Workers representing 16,000 part-time faculty and support staff have taken the first step towards forming a union to bargain for better working conditions in the colleges.

Representatives from Ontario’s 24 colleges met Nov. 17-19 to form the Organization of Part-time and Sessional Employees of Colleges of Applied Arts and Technology (OPSECAAT).

Members elected a 10-person executive (five from faculty, five from support).

Roger Couvrette, a part-time teacher at Algonquin College in Ottawa, was elected the organization’s first president. He slammed the Ontario government for allowing “third-world working conditions to persist in Ontario colleges” as a result of legislation banning these workers from joining a union.

 “The 16,000 part-time college workers in Ontario’s community colleges are a source of cheap labour. We have no job security. Our working conditions are abysmal. We have no benefits,” he said.

OPSECAAT will begin a membership drive early in 2007, and plans a political campaign to change the current law.

Geneva-based ILO asks Ontario government to change law

The Geneva-based International Labour Organization (ILO) ruled in November against the Ontario government for excluding part-time Ontario college employees from union activity.

The ILO ruled in response to a request from the National Union of Public and General Employees (NUPGE), OPSEU’s national affiliate. NUPGE called on the ILO to investigate Ontario’s Colleges Collective Bargaining Act (CCBA), which denies most part-time staff employed by the 24 Ontario colleges the right to join a union and engage in collective bargaining.

OPSEU President Leah Casselman called on Premier Dalton McGuinty to immediately right this historic wrong. “The Ontario government’s position is indefensible, they know it and it’s time for the government to finally do the right thing.”

McGuinty must act rapidly

“I strongly urge McGuinty to heed the ILO, and immediately introduce amendments to the Colleges Collective Bargaining Act to ensure part-time college employees may join a union like all other workers.”

The ILO decision read, in part: “...the Committee fails to see any reason why the principles on the basic rights of association and collective bargaining afforded to all workers should not also apply to part-time employees.”
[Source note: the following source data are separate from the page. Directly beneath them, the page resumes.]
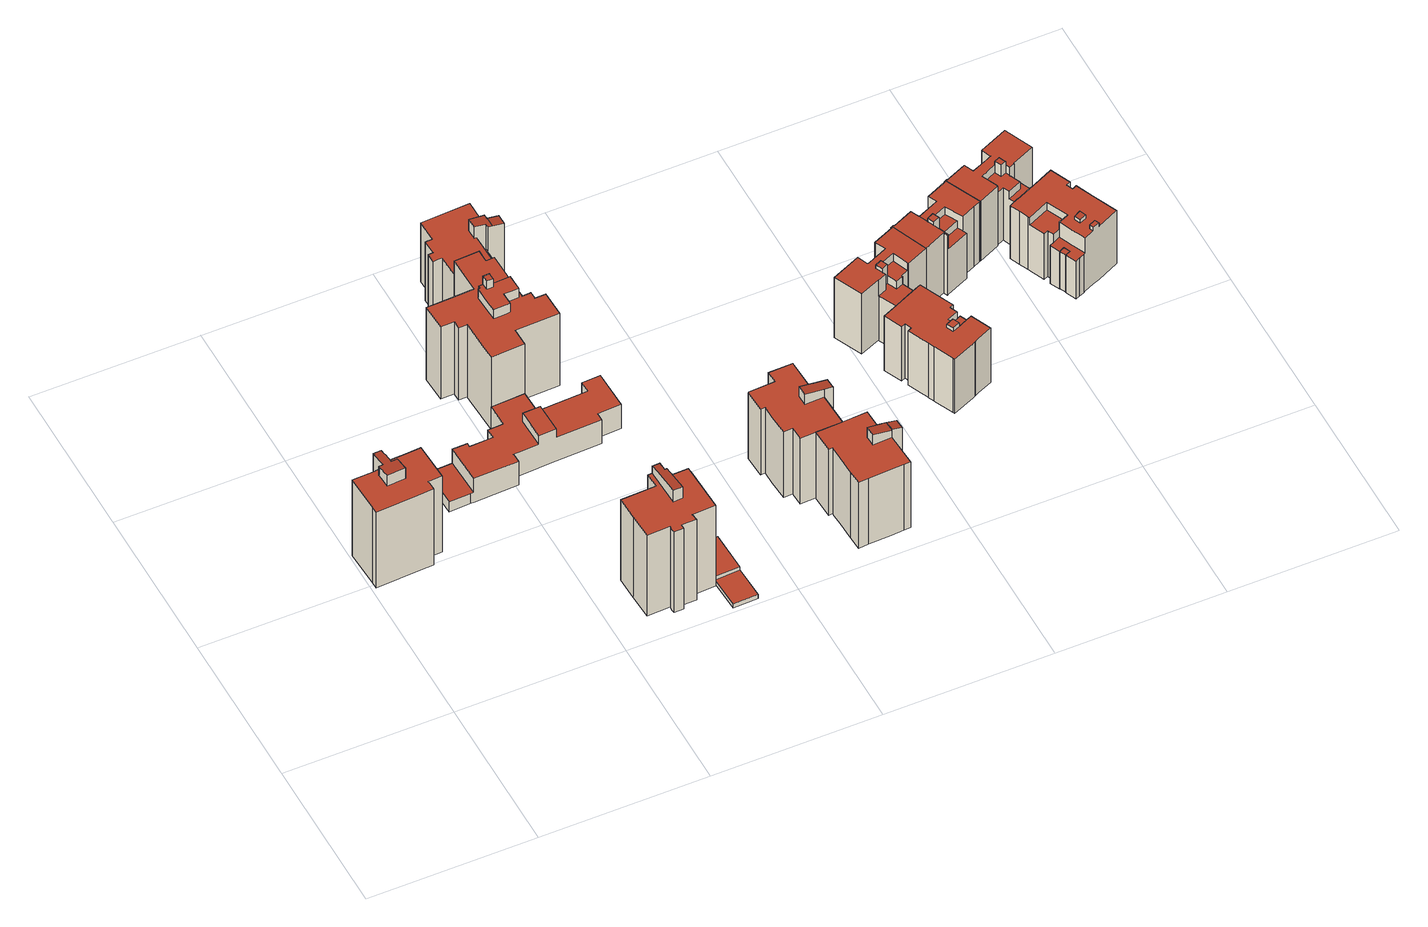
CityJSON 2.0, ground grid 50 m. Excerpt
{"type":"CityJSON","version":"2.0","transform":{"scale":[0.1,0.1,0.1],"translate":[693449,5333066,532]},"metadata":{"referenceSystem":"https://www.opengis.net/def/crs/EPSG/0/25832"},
"CityObjects":{
"building1":{"type":"Building","attributes":{"Gemeindeschluessel":"09162000","HoeheDach":"565.301","HoeheGrund":"532.483","Methode":"2000","NiedrigsteTraufeDesGebaeudes":"533.890","Geometrietyp2DReferenz":"3000","function":"31001_1000","roofType":"1000","measuredHeight":32.82,"storeysAboveGround":10},"geometry":[{"type":"MultiSurface","lod":"2","boundaries":[[[0,1,2,3,4,5]],[[6,7,8,9,10,11,12,13,14,15,16,17,18]],[[19,20,21,22,23,24,25]],[[26,27,28,29,30,31,32,33]],[[34,35,3,2]],[[21,20,36,37]],[[37,38,22,21]],[[13,12,39,40,41,35,34,42,43,44,45]],[[32,31,30,5,4,3,35,41,40,39,46,47,48,49,50,51,52,53,36,20,19,54,55,56,33]],[[47,10,9,48]],[[57,14,13,45]],[[46,11,10,47]],[[1,0,29,28,27,26,58,59,60,25,24,23,61,57,45,44,43,42,34,2]],[[52,18,17,53]],[[51,50,49,48,9,8,7,6]],[[22,38,15,14,57,61,23]],[[26,33,56,58]],[[54,19,25,60,59,55]],[[51,6,18,52]],[[58,56,55,59]],[[0,5,30,29]],[[39,12,11,46]],[[37,36,53,17,16,15,38]]],"semantics":{"surfaces":[{"type":"WallSurface"},{"type":"RoofSurface"},{"type":"GroundSurface"}],"values":[0,1,0,0,0,0,1,0,1,0,0,0,2,0,0,0,0,0,0,0,0,0,0]}}]},
"building2":{"type":"Building","attributes":{"Gemeindeschluessel":"09162000","HoeheDach":"567.590","HoeheGrund":"532.710","Methode":"2000","NiedrigsteTraufeDesGebaeudes":"563.300","Geometrietyp2DReferenz":"3000","function":"31001_1000","roofType":"1000","measuredHeight":34.88,"storeysAboveGround":10},"geometry":[{"type":"MultiSurface","lod":"2","boundaries":[[[62,63,64,65,66,67,68]],[[69,70,71,72,73,74,75]],[[76,77,78,79]],[[80,81,82,83]],[[84,85,86,87,88,89,90,91,92,93,76,79,94,80,83,95,67,66,65,74,73,72,96]],[[94,97,81,80]],[[72,71,98,96]],[[65,64,75,74]],[[99,100,63,62,101,102]],[[88,87,103,104,105,89]],[[79,78,97,94]],[[86,106,103,87]],[[107,69,75,64,63,100,99]],[[93,92,108,109,77,76]],[[82,110,68,67,95,83]],[[96,98,111,84]],[[112,107,99,102]],[[85,84,111,113,106,86]],[[70,69,107,112]],[[91,90,89,105,114,115]],[[91,115,108,92]],[[77,109,108,115,114,105,104,103,106,113,111,98,71,70,112,102,101,62,68,110,82,81,97,78]]],"semantics":{"surfaces":[{"type":"WallSurface"},{"type":"GroundSurface"},{"type":"RoofSurface"}],"values":[0,0,0,0,1,0,0,0,0,0,0,0,2,0,0,0,0,0,0,0,0,2]}}]},
"building3":{"type":"Building","attributes":{"Gemeindeschluessel":"09162000","HoeheDach":"545.410","HoeheGrund":"533.188","Methode":"2000","NiedrigsteTraufeDesGebaeudes":"536.900","Geometrietyp2DReferenz":"3000","function":"31001_1000","roofType":"1000","measuredHeight":12.22,"storeysAboveGround":3},"geometry":[{"type":"MultiSurface","lod":"2","boundaries":[[[116,117,118,119]],[[119,120,121,122,123,124,125,126,127,128,129,130,131,132,133,134,135,136,137,138,139,140,141,142,143,144,145,146,147,116]],[[131,148,149,132]],[[125,124,123,122,150,151,152,153,154,155,156,126]],[[121,157,150,122]],[[132,149,158,133]],[[159,160,161,162,136,135,134,133,158]],[[154,153,163,164]],[[140,165,166,141]],[[143,167,168,144]],[[169,170,171,156,155,154,164,172,151,150,157,173,118,117,174,175,176,168,167,177,166,165,178,179,180,162,161,181]],[[164,163,182,172]],[[176,175,146,145,144,168]],[[136,162,180,137]],[[130,129,128,170,169,181,183,148,131]],[[147,174,117,116]],[[165,140,139,178]],[[183,181,161,160]],[[120,119,118,173,157,121]],[[152,182,163,153]],[[148,183,160,159,158,149]],[[128,127,126,156,171,170]],[[172,182,152,151]],[[146,175,174,147]],[[179,138,137,180]],[[138,179,178,139]],[[166,177,167,143,142,141]]],"semantics":{"surfaces":[{"type":"WallSurface"},{"type":"GroundSurface"},{"type":"RoofSurface"}],"values":[0,1,0,0,0,0,0,0,0,0,2,0,0,0,0,0,0,0,0,2,2,0,0,0,0,0,0]}}]},
"building4":{"type":"Building","attributes":{"Gemeindeschluessel":"09162000","HoeheDach":"536.010","HoeheGrund":"533.298","Methode":"2000","NiedrigsteTraufeDesGebaeudes":"534.840","Geometrietyp2DReferenz":"3000","function":"31001_2000","roofType":"1000","measuredHeight":2.71},"geometry":[{"type":"MultiSurface","lod":"2","boundaries":[[[184,185,186,187,188]],[[189,185,184,190]],[[191,192,193,187,186,194]],[[195,196,192,191]],[[197,193,192,196]],[[194,186,185,189]],[[190,184,188,197,196,195]],[[187,193,197,188]],[[191,194,189,190,195]]],"semantics":{"surfaces":[{"type":"RoofSurface"},{"type":"WallSurface"},{"type":"GroundSurface"}],"values":[0,1,1,1,0,1,1,1,2]}}]},
"building5":{"type":"Building","attributes":{"Gemeindeschluessel":"09162000","HoeheDach":"567.570","HoeheGrund":"533.560","Methode":"2000","NiedrigsteTraufeDesGebaeudes":"561.130","Geometrietyp2DReferenz":"3000","function":"31001_1000","roofType":"1000","measuredHeight":34.01,"storeysAboveGround":10},"geometry":[{"type":"MultiSurface","lod":"2","boundaries":[[[198,199,200,201,202,203]],[[204,205,206,207]],[[208,209,210,211]],[[212,213,214,215,216,217,218,219]],[[220,221,222,223,224,219,218,217,216,225,226,227,228,229,204,207,230,231,232,233,234,235,236,237,238,239,240,241]],[[242,243,244,245]],[[233,246,247,234]],[[232,248,246,233]],[[245,244,249,250,251,252,253]],[[225,216,215,254,255,226]],[[256,239,238,257]],[[258,259,231,230,207,206]],[[260,261,262,263]],[[264,265,249,244,243]],[[266,267,268,269,262,261,270,210,209,271,272,273,242,245,253,274,200,199,198]],[[221,275,276,222]],[[277,211,210,270,261,260]],[[201,200,274,278]],[[279,280,281,282,263,262,269,268,267,266,198,203]],[[221,220,241,283,284,275]],[[224,223,222,276,285,286]],[[273,272,287,250,249,265,264]],[[240,288,283,241]],[[229,289,205,204]],[[278,274,253,252]],[[228,290,289,229]],[[290,291,255,254,215,214,213,212,286,285,276,275,284,283,288,256,257,292,293,294,247,246,248,259,258,206,205,289],[202,201,278,252,251,250,287,295,208,211,277,260,263,282,281,280,279,203]],[[224,286,212,219]],[[273,264,243,242]],[[227,226,255,291,290,228]],[[234,247,294,235]],[[238,237,236,235,294,293,292,257]],[[231,259,248,232]],[[271,209,208,295,287,272]],[[239,256,288,240]]],"semantics":{"surfaces":[{"type":"WallSurface"},{"type":"GroundSurface"},{"type":"RoofSurface"}],"values":[0,0,0,0,1,0,0,0,0,0,0,0,0,2,2,0,0,0,0,0,0,0,0,0,0,0,2,0,0,0,0,0,0,0,0]}}]},
"building6":{"type":"Building","attributes":{"Gemeindeschluessel":"09162000","HoeheDach":"560.080","HoeheGrund":"533.480","Methode":"2000","NiedrigsteTraufeDesGebaeudes":"550.240","Geometrietyp2DReferenz":"3000","function":"31001_1000","roofType":"1000","measuredHeight":26.6,"storeysAboveGround":8},"geometry":[{"type":"MultiSurface","lod":"2","boundaries":[[[296,297,298,299,300,301,302,303,304,305,306,307,308,309,310,311,312,313,314,315,316,317,318,319,320,321,322,323,324]],[[308,307,306,325,326,327,328,309]],[[298,297,296,329,330,331,332,333,299]],[[316,334,335,317]],[[324,336,329,296]],[[302,301,300,337,338,339,340,341,303]],[[342,336,324,323,322,343]],[[344,345,346,347]],[[305,348,325,306]],[[347,346,349,350]],[[351,352,353,334,316,315,314,313]],[[354,355,312,311,310,356]],[[327,326,325,348,357,341,340,339,358,344,347,350,359,360,361,335,334,353,352,351,355,354,356,328]],[[361,360,359,320,319,318]],[[337,333,332,362,363,338]],[[317,335,361,318]],[[322,321,320,359,350,349,343]],[[344,358,363,362,364,365,345]],[[312,355,351,313]],[[309,328,356,310]],[[332,331,364,362]],[[329,336,342,366,330]],[[363,358,339,338]],[[299,333,337,300]],[[365,364,331,330,366,342,343,349,346,345]],[[304,303,341,357,348,305]]],"semantics":{"surfaces":[{"type":"GroundSurface"},{"type":"WallSurface"},{"type":"RoofSurface"}],"values":[0,1,1,1,1,1,1,1,1,1,1,1,2,1,2,1,1,1,1,1,1,2,1,1,2,1]}}]},
"building7":{"type":"Building","attributes":{"Gemeindeschluessel":"09162000","HoeheDach":"562.371","HoeheGrund":"533.570","Methode":"2000","NiedrigsteTraufeDesGebaeudes":"558.450","Geometrietyp2DReferenz":"3000","function":"31001_1000","roofType":"1000","measuredHeight":28.8,"storeysAboveGround":10},"geometry":[{"type":"MultiSurface","lod":"2","boundaries":[[[367,368,369,370]],[[371,372,373,374,375,367,370,376,377,378,379,380,381,382,383,384,385,386,387,388,389]],[[386,385,384,390,391,392,393]],[[394,395,373,372,371,396,397]],[[374,398,399,375]],[[386,393,400,387]],[[383,401,390,384]],[[402,403,389,388,387,400]],[[379,404,405,380]],[[378,406,404,379]],[[394,397,407,408]],[[375,399,368,367]],[[404,406,409,410,369,368,399,398,395,394,408,411,391,390,401,412,413,405]],[[408,407,414,411]],[[373,395,398,374]],[[371,389,403,396]],[[381,413,412,382]],[[377,376,370,369,410,409,406,378]],[[380,405,413,381]],[[411,414,392,391]],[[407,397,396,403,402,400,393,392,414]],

It said that “...all workers, without distinction whatsoever, whether they are employed on a permanent basis, for a fixed-term or as contract employees, should have the right to establish and join organizations of their own choosing,” and requested that “the Government rapidly take legislative measures, in consultation with the social partners, to ensure that academic and part-time support staff in applied arts and technology fully enjoy the rights to organize and bargain collectively, as any other workers.”

Letters to the Times

OPSEU member dissects Ministry rationale

The Ministry of Training, Colleges and Universities was invited to present its side to the International Labour Organization. A member comments on the three-page letter from an Assistant Deputy Minister at MCTU.  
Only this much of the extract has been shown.